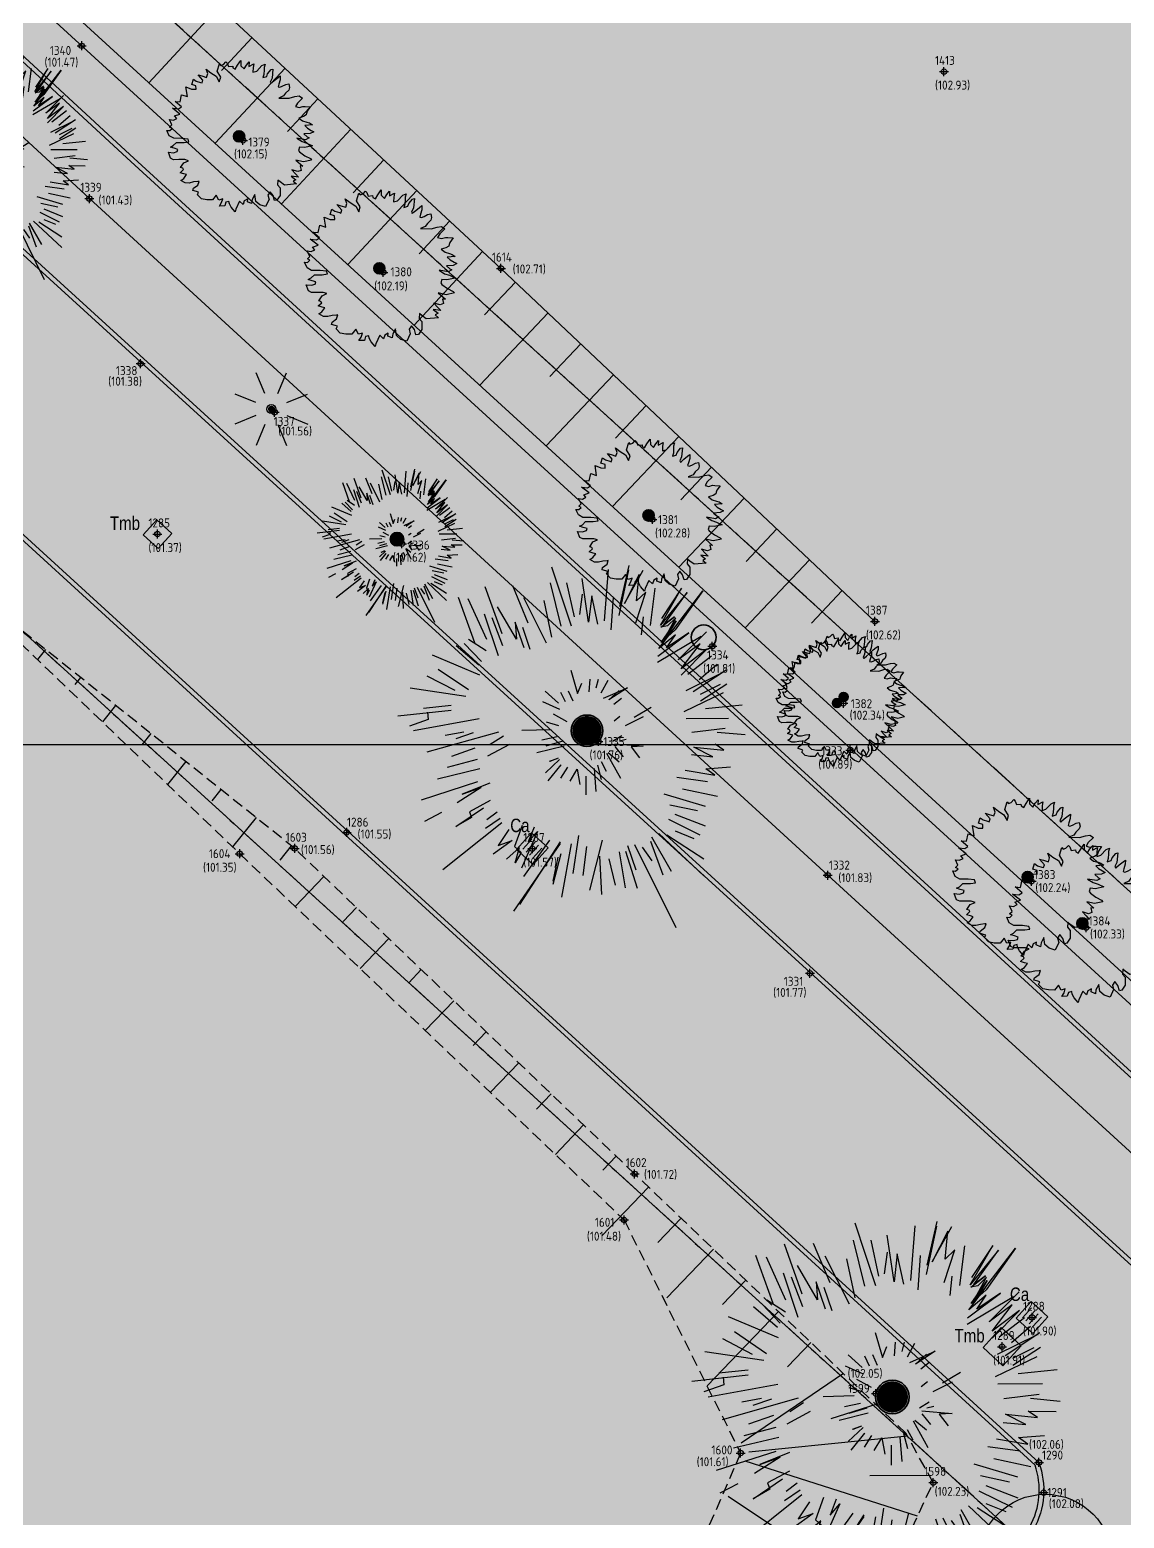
# Model space of a CAD drawing. Extents: x 9555 to 11275, y -8412 to -6382.
# Drawn here: x 10227.3 to 10251.66, y -8001.51 to -7968.39 of the extents above; entities that cross this region are included whole.
import ezdxf
from ezdxf.enums import TextEntityAlignment as Align

# ---------------------------------------------------------------- set-up
doc = ezdxf.new("R2010")
doc.units = 0
doc.header["$MEASUREMENT"] = 0
doc.header["$XCLIPFRAME"] = 2
doc.header["$PDMODE"] = 33
doc.header["$PDSIZE"] = 0.12
doc.linetypes.add('HIDDEN', pattern=[0.375, 0.25, -0.125])
doc.linetypes.add('PHANTOM2', pattern=[1.25, 0.625, -0.125, 0.125, -0.125, 0.125, -0.125])
doc.layers.get('0').update_dxf_attribs({"color": 53, "lineweight": 50})
for name, color, linetype in [('01_PROG', 7, 'Continuous'), ('02_CAT', 7, 'Continuous'), ('Conf Lotti-Retino', 253, 'Continuous'), ('Conf-N', 7, 'Continuous'), ('Conf-P', 2, 'Continuous'), ('GEI-Nome_P', 6, 'Continuous'), ('GEI-Punti', 7, 'Continuous'), ('Gei-Punti_3D', 3, 'Continuous'), ('GEI-Quote_P', 3, 'Continuous'), ('GEI-Simboli', 6, 'Continuous'), ('Immagine', 181, 'Continuous'), ('Ril-Aiuola_Retino', 85, 'Continuous'), ('Ril-Albero', 104, 'Continuous'), ('Ril-Fabbr_Retino', 8, 'Continuous'), ('Ril-Muro', 6, 'Continuous'), ('Ril-Palo_Lampione', 20, 'Continuous'), ('Ril-Strada', 4, 'Continuous'), ('Ril-Strada_Marciapiede', 4, 'Continuous'), ('Ril-Tomb_CADITOIA-Chiusino', 5, 'Continuous'), ('Ril-Tombino', 5, 'Continuous'), ('Ril_PQ1-Ciglio', 72, 'Continuous'), ('Ril_PQ1-Piede', 74, 'Continuous'), ('Ril_PQ1-Scarpate', 65, 'Continuous')]:
    doc.layers.add(name, color=color, linetype=linetype)
for name, color, linetype, lineweight in [('Conf Lotti', 2, 'PHANTOM2', 30), ('Fr02 Fgl. 957E', 150, 'Continuous', 30), ('Ril-Albero_Tronco', 3, 'Continuous', 35)]:
    doc.layers.add(name, color=color, linetype=linetype, lineweight=lineweight)
doc.layers.add('Gei-Nome_p(OFF)', color=251, linetype='Continuous', plot=False)
doc.styles.add('HELVLA', font='helvl', dxfattribs={"width": 0.8})
doc.styles.get("Standard").update_dxf_attribs({"font": 'isocp.shx'})
picture_1 = doc.add_image_def('image1.png', size_in_pixel=(3510, 4950))
picture_2 = doc.add_image_def('image2.png', size_in_pixel=(4950, 3510))
picture_3 = doc.add_image_def('image3.png', size_in_pixel=(3510, 4950))

# ---------------------------------------------------------------- blocks, each defined once
blk = doc.blocks.new('PALO-ILLUM01_15')
at = {"layer": 'Ril-Palo_Lampione'}
h = blk.add_hatch(color=256, dxfattribs=at)
edge = h.paths.add_edge_path()
edge.add_arc((0, 0), 0.075, 0, 360)
for p, q in [((-0.144, 0.346), (-0.335, 0.808)), ((0.144, 0.346), (0.335, 0.808)), ((-0.346, 0.144), (-0.808, 0.336)), ((0.346, 0.144), (0.808, 0.336)), ((-0.347, -0.143), (-0.809, -0.333)), ((0.347, -0.143), (0.809, -0.333)), ((-0.145, -0.346), (-0.338, -0.807)), ((0.145, -0.346), (0.338, -0.807))]:
    blk.add_line(p, q, dxfattribs=at)
at = {"layer": 'Ril-Palo_Lampione', "color": 7}
blk.add_circle((0, 0), 0.0997, dxfattribs=at)
blk = doc.blocks.new('TCa-a')
at = {"layer": 'Ril-Tomb_CADITOIA-Chiusino'}
for p, q in [((-0.15, 0.15), (0.15, 0.15)), ((-0.15, 0.05), (0.15, 0.05)), ((-0.15, -0.05), (0.15, -0.05)), ((-0.15, -0.15), (0.15, -0.15))]:
    blk.add_line(p, q, dxfattribs=at)
blk.add_lwpolyline([(-0.25, -0.25), (0.25, -0.25), (0.25, 0.25), (-0.25, 0.25)], close=True, dxfattribs=at)
blk = doc.blocks.new('ALB_CIPRESSO')
at = {"layer": 'Ril-Albero'}
for p, q in [((-0.157, 1.067), (-0.357, 1.67)), ((0.179, 1.12), (0.22, 1.646)), ((0.329, 1.177), (0.427, 1.642)), ((0.334, 1.267), (0.432, 1.687)), ((0.384, 1.3), (0.572, 1.638)), ((0.533, 1.593), (0.384, 1.3)), ((0.507, 1.324), (0.533, 1.593)), ((-0.867, 0.989), (-1.038, 1.469)), ((-0.599, 1.097), (-0.758, 1.477)), ((-0.263, 1.066), (-0.372, 1.508)), ((-0.129, 1.162), (-0.205, 1.509)), ((0.017, 1.108), (-0.048, 1.555)), ((0.649, 1.073), (0.697, 1.454)), ((0.75, 1.079), (0.965, 1.456)), ((0.965, 1.456), (0.76, 1.147)), ((-1.146, 0.898), (-1.311, 1.361)), ((-1.023, 0.932), (-1.211, 1.345)), ((-0.413, 0.892), (-0.645, 1.355)), ((-0.357, 0.954), (-0.438, 1.328)), ((-0.074, 1.185), (-0.047, 1.392)), ((0.048, 1.376), (0.017, 1.108)), ((0.112, 1.086), (0.048, 1.376)), ((0.247, 1.031), (0.272, 1.361)), ((0.498, 1.1), (0.602, 1.414)), ((0.602, 1.414), (0.507, 1.324)), ((1.021, 1.411), (0.75, 1.079)), ((0.773, 0.895), (1.184, 1.429)), ((0.783, 1.08), (1.021, 1.411)), ((1.184, 1.429), (0.901, 1.03)), ((-0.904, 0.765), (-1.047, 1.189)), ((-0.86, 0.866), (-0.969, 1.151)), ((-0.721, 0.934), (-0.913, 1.263)), ((0.555, 0.977), (0.576, 1.162)), ((0.755, 1.057), (0.895, 1.164)), ((0.895, 1.164), (0.783, 1.08)), ((0.784, 0.923), (0.906, 1.153)), ((0.906, 1.153), (0.823, 1.069)), ((-0.642, 0.845), (-0.733, 1.108)), ((-0.733, 1.108), (-0.721, 0.934)), ((-0.58, 0.829), (-0.654, 1.052)), ((0.735, 0.839), (0.901, 1.058)), ((0.823, 1.069), (0.755, 1.057)), ((0.757, 0.9), (0.912, 1.12)), ((0.901, 1.058), (0.757, 0.9)), ((0.912, 1.12), (0.773, 0.895)), ((0.901, 1.03), (0.784, 0.923)), ((0.931, 0.723), (1.22, 1.01)), ((-1.105, 0.669), (-1.336, 0.868)), ((-1.077, 0.708), (-1.252, 0.891)), ((-1.028, 0.815), (-1.208, 0.931)), ((0.719, 0.699), (1.165, 0.965)), ((0.724, 0.76), (1.041, 0.998)), ((0.902, 0.98), (0.735, 0.839)), ((1.041, 0.998), (0.813, 0.845)), ((0.813, 0.845), (0.902, 0.98)), ((1.154, 0.886), (0.931, 0.723)), ((0.96, 0.633), (1.154, 0.886)), ((-1.093, 0.568), (-1.576, 0.771)), ((0.96, 0.566), (1.222, 0.831)), ((1.222, 0.831), (0.96, 0.633)), ((1.028, 0.578), (1.272, 0.764)), ((-1.209, 0.416), (-1.519, 0.626)), ((-0.165, 0.619), (-0.096, 0.379)), ((1.012, 0.41), (1.391, 0.597)), ((1.085, 0.399), (1.419, 0.62)), ((1.145, 0.523), (1.329, 0.681)), ((-1.237, 0.349), (-1.803, 0.434)), ((-1.344, 0.409), (-1.63, 0.558)), ((-0.096, 0.379), (-0.052, 0.486)), ((0.022, 0.397), (0.032, 0.526)), ((0.094, 0.437), (0.116, 0.526)), ((0.145, 0.387), (0.217, 0.516)), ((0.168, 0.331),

------------------------------------------------------------------------

PROBLEM DESCRIPTION - Find the word "blocks" in the entries above. Copy every line that has it.

EXERCISE ANSWER -
# ---------------------------------------------------------------- blocks, each defined once
blk = doc.blocks.new('PALO-ILLUM01_15')
blk = doc.blocks.new('TCa-a')
blk = doc.blocks.new('ALB_CIPRESSO')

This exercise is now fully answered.